3G prices are so high tat no1 is willing to go for it here in India, May be implementation of 4G will make the price lower....!!


----------



## bhushan2k (Dec 17, 2009)

hmmm...we jst have to wait and watch...one thing is sure that 4G is far away to b seen in India...may b til 2015 we won't get 4G in India.


----------



## kalpik (Dec 17, 2009)

Why 4G! Lets wait for 5G! That's the govt's secret plan :/


----------



## paroh (Dec 17, 2009)

Only Launching 3G or 4G is not enough . The quality of service is also important .
As also the same case in the Broadband quality and service and its cost.


----------



## topgear (Dec 18, 2009)

kalpik said:


> Why 4G! Lets wait for 5G! That's the govt's secret plan :/



When? at the year - 2099 A.D.


----------



## Faun (Dec 18, 2009)

kalpik said:


> Why 4G! Lets wait for 5G! That's the govt's secret plan :/



Its a consbiracy  to keep the young fools in hope.


----------



## Phantom Lancer (Dec 19, 2009)

bhushan05d251 said:


> hmmm...we jst have to wait and watch...one thing is sure that 4G is far away to b seen in India...may b til 2015 we won't get 4G in India.

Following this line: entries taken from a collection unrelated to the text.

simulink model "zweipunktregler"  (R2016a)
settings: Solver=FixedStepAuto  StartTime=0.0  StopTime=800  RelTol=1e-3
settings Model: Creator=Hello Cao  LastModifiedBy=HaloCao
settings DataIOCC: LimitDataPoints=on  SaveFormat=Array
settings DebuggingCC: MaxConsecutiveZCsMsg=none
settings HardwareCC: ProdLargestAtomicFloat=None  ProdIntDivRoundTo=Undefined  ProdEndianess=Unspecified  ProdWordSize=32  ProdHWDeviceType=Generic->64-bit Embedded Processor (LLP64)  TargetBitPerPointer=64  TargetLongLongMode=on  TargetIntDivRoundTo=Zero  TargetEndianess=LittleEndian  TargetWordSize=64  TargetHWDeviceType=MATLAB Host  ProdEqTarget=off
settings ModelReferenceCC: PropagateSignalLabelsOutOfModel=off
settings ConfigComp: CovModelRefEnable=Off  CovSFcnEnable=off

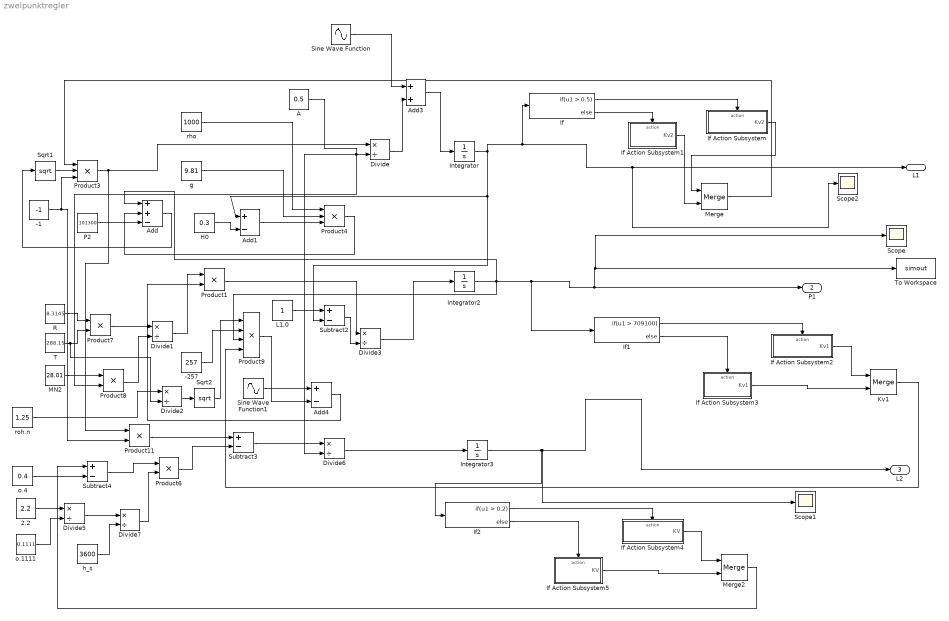
== system zweipunktregler ==
  -1 : Constant  Value=-1
  -257 : Constant  Value=257
  2.2 : Constant  Value=2.2
  A : Constant  Value=0.5
  Add : Sum  Inputs=++-
  Add1 : Sum  Inputs=+-
  Add3 : Sum
  Add4 : Sum  Inputs=+-
  Divide{,1..3,5..7} (7 alike) : Product  Inputs=*/
  H0 : Constant  Value=0.3
  If : If  IfExpression=u1 > 0.5
  If Action Subsystem : Subsystem  TreatAsAtomicUnit=on
  If Action Subsystem1 : Subsystem  TreatAsAtomicUnit=on
  If Action Subsystem2 : Subsystem  TreatAsAtomicUnit=on
  If Action Subsystem3 : Subsystem  TreatAsAtomicUnit=on
  If Action Subsystem4 : Subsystem  TreatAsAtomicUnit=on
  If Action Subsystem5 : Subsystem  TreatAsAtomicUnit=on
  If1 : If  IfExpression=u1 > 709100
  If2 : If  IfExpression=u1 > 0.2
  Integrator : Integrator
  Integrator2 : Integrator  InitialCondition=3212009
  Integrator3 : Integrator
  Kv1 : Merge
  L1,0 : Constant
  MN2 : Constant  Value=28.01
  Merge : Merge
  Merge2 : Merge
  P2 : Constant  Value=101300
  Product{1,6..8,11} (5 alike) : Product
  Product3 : Product  Inputs=3
  Product4 : Product  Inputs=3
  Product9 : Product  Inputs=4
  R : Constant  Value=8.3145
  Scope : Scope
  Scope1 : Scope
  Scope2 : Scope
  Sine Wave Function : Sin  Amplitude=0.0001  Bias=0.001  SampleTime=0
  Sine Wave Function1 : Sin  Bias=10  SampleTime=0
  Sqrt1 : Sqrt  SaturateOnIntegerOverflow=on
  Sqrt2 : Sqrt  SaturateOnIntegerOverflow=on
  Subtract2 : Sum  Inputs=+-
  Subtract3 : Sum  Inputs=+-
  Subtract4 : Sum  Inputs=+-
  T : Constant  Value=288.15
  To Workspace : ToWorkspace  VariableName=simout  SaveFormat=Timeseries  SampleTime=-1
  g : Constant  Value=9.81
  h_s : Constant  Value=3600
  o.1111 : Constant  Value=0.1111
  o.4 : Constant  Value=0.4
  rho : Constant  Value=1000
  roh.n : Constant  Value=1.25
  L1 : Outport
  P1 : Outport  Port=2
  L2 : Outport  Port=3
  wires:
  Integrator/1 -> If/1, Scope2/1, L1/1, Subtract2/2, Add1/1
  Sqrt1/1 -> Product3/2
  Add/1 -> Sqrt1/1
  H0/1 -> Add1/2
  rho/1 -> Product4/1
  g/1 -> Product4/2
  Add1/1 -> Product4/3
  Product4/1 -> Add/2
  P2/1 -> Add/3
  A/1 -> Divide6/2, Product8/2, Divide/2
  Divide/1 -> Add3/2
  R/1 -> Product7/1
  T/1 -> Divide2/2, Product7/2
  Product7/1 -> Divide1/1
  MN2/1 -> Product8/1
  Product8/1 -> Divide1/2
  -257/1 -> Product9/2
  Divide2/1 -> Sqrt2/1
  Sqrt2/1 -> Product9/1
  L1,0/1 -> Subtract2/1
  Subtract2/1 -> Divide3/2
  Divide3/1 -> Integrator2/1
  -1/1 -> Product11/2, Product3/3
  Product3/1 -> Product11/1, Divide/1
  Product11/1 -> Subtract3/1
  Product6/1 -> Subtract3/2
  Subtract4/1 -> Product6/1
  o.4/1 -> Subtract4/2
  2.2/1 -> Divide5/1
  o.1111/1 -> Divide5/2
  Subtract3/1 -> Divide6/1
  Divide6/1 -> Integrator3/1
  If/1 -> If Action Subsystem/Action
  If/2 -> If Action Subsystem1/Action
  If Action Subsystem/1(Kv2) -> Merge/1
  If Action Subsystem1/1(Kv2) -> Merge/2
  Merge/1 -> Product3/1
  Integrator2/1 -> Add/1, If1/1, Scope/1, To Workspace/1, P1/1, Product9/3
  If Action Subsystem2/1(Kv1) -> Kv1/1
  If Action Subsystem3/1(Kv1) -> Kv1/2
  Kv1/1 -> Product9/4
  If1/2 -> If Action Subsystem3/Action
  If1/1 -> If Action Subsystem2/Action
  Integrator3/1 -> Scope1/1, L2/1, If2/1
  If Action Subsystem4/1(KV) -> Merge2/1
  If Action Subsystem5/1(KV) -> Merge2/2
  Merge2/1 -> Subtract4/1
  If2/1 -> If Action Subsystem4/Action
  If2/2 -> If Action Subsystem5/Action
  Sine Wave Function/1 -> Add3/1
  Add3/1 -> Integrator/1
  Sine Wave Function1/1 -> Add4/1
  roh.n/1 -> Divide2/1
  Product9/1 -> Add4/2
  Add4/1 -> Product1/2
  Divide1/1 -> Product1/1
  Product1/1 -> Divide3/1
  Divide5/1 -> Divide7/1
  Divide7/1 -> Product6/2
  h_s/1 -> Divide7/2

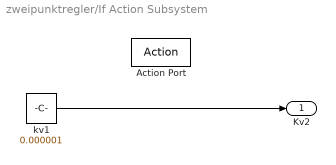
== system zweipunktregler/If Action Subsystem ==
  Action Port : ActionPort  ActionType=then
  kv1 : Constant  Value=0.000001
  Kv2 : Outport
  wires:
  kv1/1 -> Kv2/1

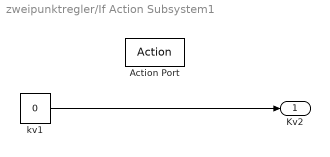
== system zweipunktregler/If Action Subsystem1 ==
  Action Port : ActionPort  ActionType=else
  kv1 : Constant  Value=0
  Kv2 : Outport
  wires:
  kv1/1 -> Kv2/1

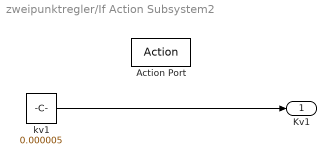
== system zweipunktregler/If Action Subsystem2 ==
  Action Port : ActionPort  ActionType=then
  kv1 : Constant  Value=0.000005  VectorParams1D=off
  Kv1 : Outport
  wires:
  kv1/1 -> Kv1/1

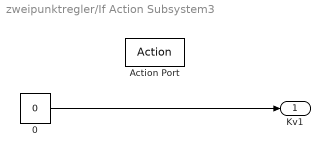
== system zweipunktregler/If Action Subsystem3 ==
  Action Port : ActionPort  ActionType=else
  0 : Constant  Value=0
  Kv1 : Outport
  wires:
  0/1 -> Kv1/1

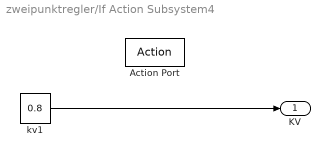
== system zweipunktregler/If Action Subsystem4 ==
  Action Port : ActionPort  PropagateVarSize=During execution  ActionType=then
  kv1 : Constant  Value=0.8
  KV : Outport
  wires:
  kv1/1 -> KV/1

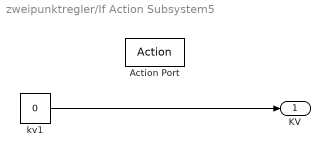
== system zweipunktregler/If Action Subsystem5 ==
  Action Port : ActionPort  ActionType=else
  kv1 : Constant  Value=0
  KV : Outport
  wires:
  kv1/1 -> KV/1

Dont wait for 4G ... it ll take forever to come to India .... we can never hope to copy the japs ... The average Internet speed in japan is 63mbps now 

*i597.photobucket.com/albums/tt52/Indianrep/broadbandspeedchart.jpg​


----------



## utsav (Dec 19, 2009)

MetalheadGautham said:


> Glad I didn't waste cash on a 3G handset. I have same plan as Indian Government's original idea - skip 3G and go 4G directly in a few years.
> 
> This is supposed to offer speeds on mobile what them south koreans get on basic broadband (in english: speed'll download CD ISOs in 10 mins flat).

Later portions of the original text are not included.